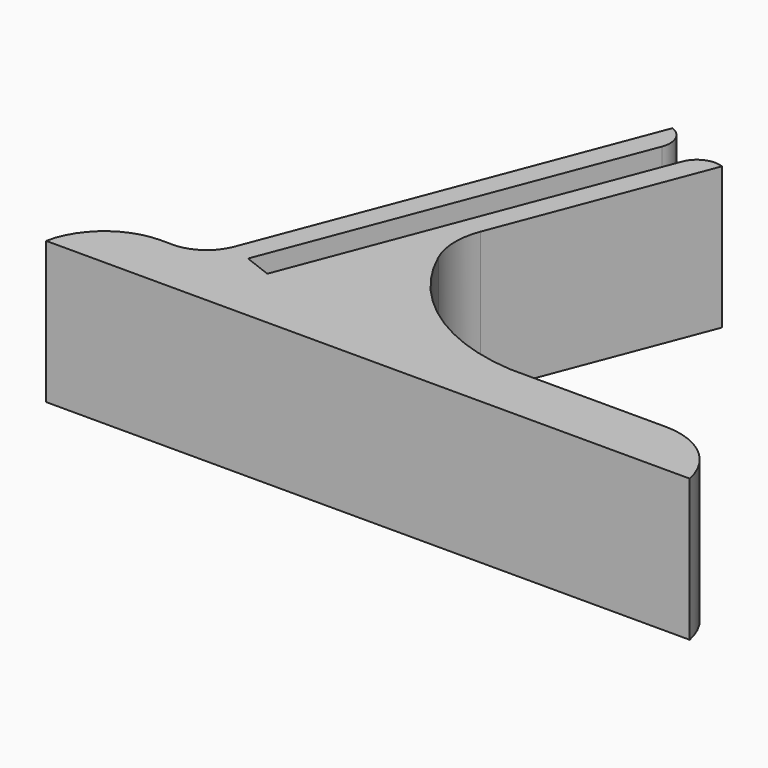
from build123d import *

# Parameters (mm, degrees)
F1_DEPTH    = 10
F2_T1_DEPTH = 10
F2_T3_DEPTH = 34.4948974279
F2_T5_DEPTH = 34.4948974279
F3_R        = 3
F4_R        = 1.59999


# Not quite as in the source:
# - a fillet or chamfer that OpenCascade refuses, or shapes differently, is made with other operations: its cross-section is extruded or revolved along the edge and cut away or added
# - a fillet or chamfer is up to 0.001 mm smaller than in the source, because OpenCascade refuses the exact size


with BuildPart() as f1:
    # F0 (on Top) → F1 (new body)
    with BuildSketch(Plane.XY):
        with BuildLine():
            Line((-7.7799167484, 4), (-7.7799167484, 0))
            Line((-7.7799167484, 0), (37.5679595768, 0))
            Line((37.5679595768, 0), (37.5679595768, 4))
            Line((37.5679595768, 4), (21.6996651143, 4))
            ThreePointArc((21.6996651143, 4), (13.9894641382, 7.0819259987), (9.5494964602, 14.0984888306))
            Line((9.5494964602, 14.0984888306), (15.7092516907, 30.1592148483))
            Line((15.7092516907, 30.1592148483), (14.215355652, 30.732167399))
            Line((14.215355652, 30.732167399), (4.170825278, 4.5424172749))
            Line((4.170825278, 4.5424172749), (2.2100867272, 5.2944174977))
            Line((2.2100867272, 5.2944174977), (12.2367563651, 31.4375981759))
            Line((12.2367563651, 31.4375981759), (10.7428603263, 32.0105507266))
            Line((10.7428603263, 32.0105507266), (0, 4))
            Line((0, 4), (-7.7799167484, 4))
        make_face()
    extrude(amount=F1_DEPTH)

    # F2: fillet of radius 5 on 3 edges, made by hand

    # F2_s2 → F2_t1 (join)
    with BuildSketch(Plane.XY):
        with BuildLine():
            ThreePointArc((10.2974988853, 11.9526797446), (9.8650823787, 13.8567183835), (10.1948614585, 15.7811905013))
            Line((10.1948614585, 15.7811905013), (9.5494964602, 14.0984888306))
            ThreePointArc((9.5494964602, 14.0984888306), (9.8781857469, 13.0097891124), (10.2974988853, 11.9526797446))
        make_face()
    extrude(amount=F2_T1_DEPTH)

    # F2_s4 → F2_t3 (cut)
    with BuildSketch(Plane.XY.offset(-12.2474487139)):
        with BuildLine():
            ThreePointArc((-2.8809372628, 4), (-6.043214923, 2.8729833462), (-7.7799167484, 0))
            Line((-7.7799167484, 0), (-7.7799167484, 4))
            Line((-7.7799167484, 4), (-2.8809372628, 4))
        make_face()
    extrude(amount=F2_T3_DEPTH, mode=Mode.SUBTRACT)

    # F2_s6 → F2_t5 (cut)
    with BuildSketch(Plane.XY.offset(-12.2474487139)):
        with BuildLine():
            ThreePointArc((32.6689800913, 4), (35.8312577514, 2.8729833462), (37.5679595768, 0))
            Line((37.5679595768, 0), (37.5679595768, 4))
            Line((37.5679595768, 4), (32.6689800913, 4))
        make_face()
    extrude(amount=F2_T5_DEPTH, mode=Mode.SUBTRACT)

    # F3
    f3_edges = [f1.edges().sort_by_distance(p)[0] for p in [
        (0, 4, 5),
    ]]
    fillet(f3_edges, radius=F3_R)

    # F4 (radius 1.6 in the source; OpenCascade refuses exactly that, so slightly less here)
    f4_edges = [f1.edges().sort_by_distance(p)[0] for p in [
        (12.236756, 31.437598, 5),
        (14.215356, 30.732167, 5),
    ]]
    fillet(f4_edges, radius=F4_R)


solid = f1.part
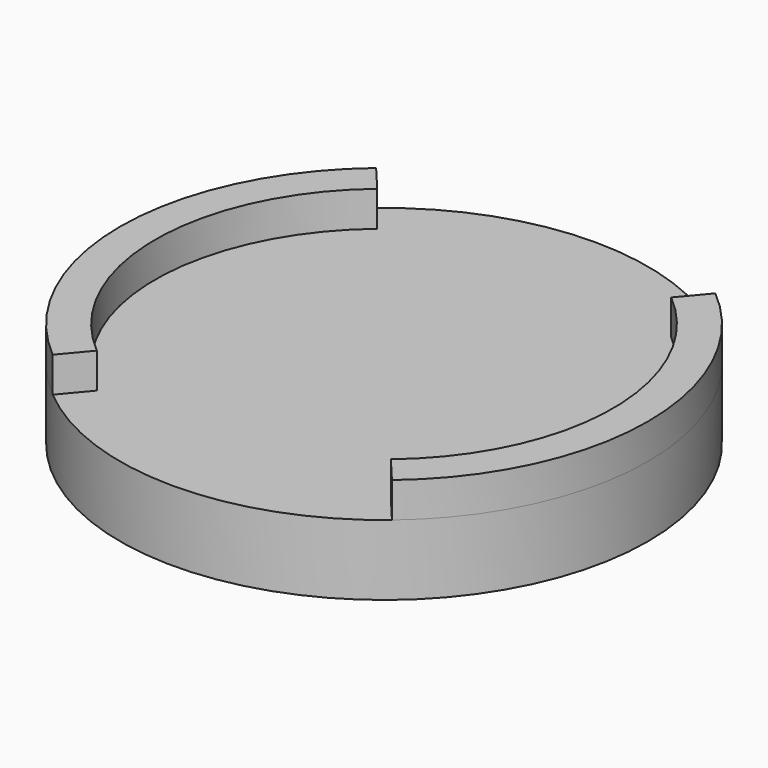
from build123d import *

# Parameters (mm, degrees)
F0_R     = 19.05
F1_DEPTH = 5.08
F3_DEPTH = 2.54


# Not quite as in the source:
# - a pattern or mirror of a feature is missing from the dataset's text; its kind, count and spacing are read off the source's solid


with BuildPart() as f1:
    # F0 (on Top) → F1 (new body)
    with BuildSketch(Plane.XY):
        Circle(F0_R)
    extrude(amount=F1_DEPTH)

    # F2 (on face) → F3 (join)
    with BuildSketch(Plane.XY.offset(5.08)):
        with BuildLine():
            ThreePointArc((-10.6124234359, -12.6473937559), (-16.51, 0), (-10.6124234359, 12.6473937559))
            Line((-10.6124234359, 12.6473937559), (-12.2451039645, 14.5931466414))
            ThreePointArc((-12.2451039645, 14.5931466414), (-19.05, 0), (-12.2451039645, -14.5931466414))
            Line((-12.2451039645, -14.5931466414), (-10.6124234359, -12.6473937559))
        make_face()
    f3 = extrude(amount=F3_DEPTH)

    # F3_copies: F3 across plane
    add(f3.mirror(Plane(origin=(0, 0, 0), x_dir=(0, 0, 1), z_dir=(1, 0, 0))))


solid = f1.part

________________________________________

Keeping every character as it is, restate the lines above that run from the line with "# F2_s2 → F2_t1 (join)" through the line with "extrude(amount=F2_T1_DEPTH)", both included, and nothing else.

▸ RESPONSE AREA
    # F2_s2 → F2_t1 (join)
    with BuildSketch(Plane.XY):
        with BuildLine():
            ThreePointArc((10.2974988853, 11.9526797446), (9.8650823787, 13.8567183835), (10.1948614585, 15.7811905013))
            Line((10.1948614585, 15.7811905013), (9.5494964602, 14.0984888306))
            ThreePointArc((9.5494964602, 14.0984888306), (9.8781857469, 13.0097891124), (10.2974988853, 11.9526797446))
        make_face()
    extrude(amount=F2_T1_DEPTH)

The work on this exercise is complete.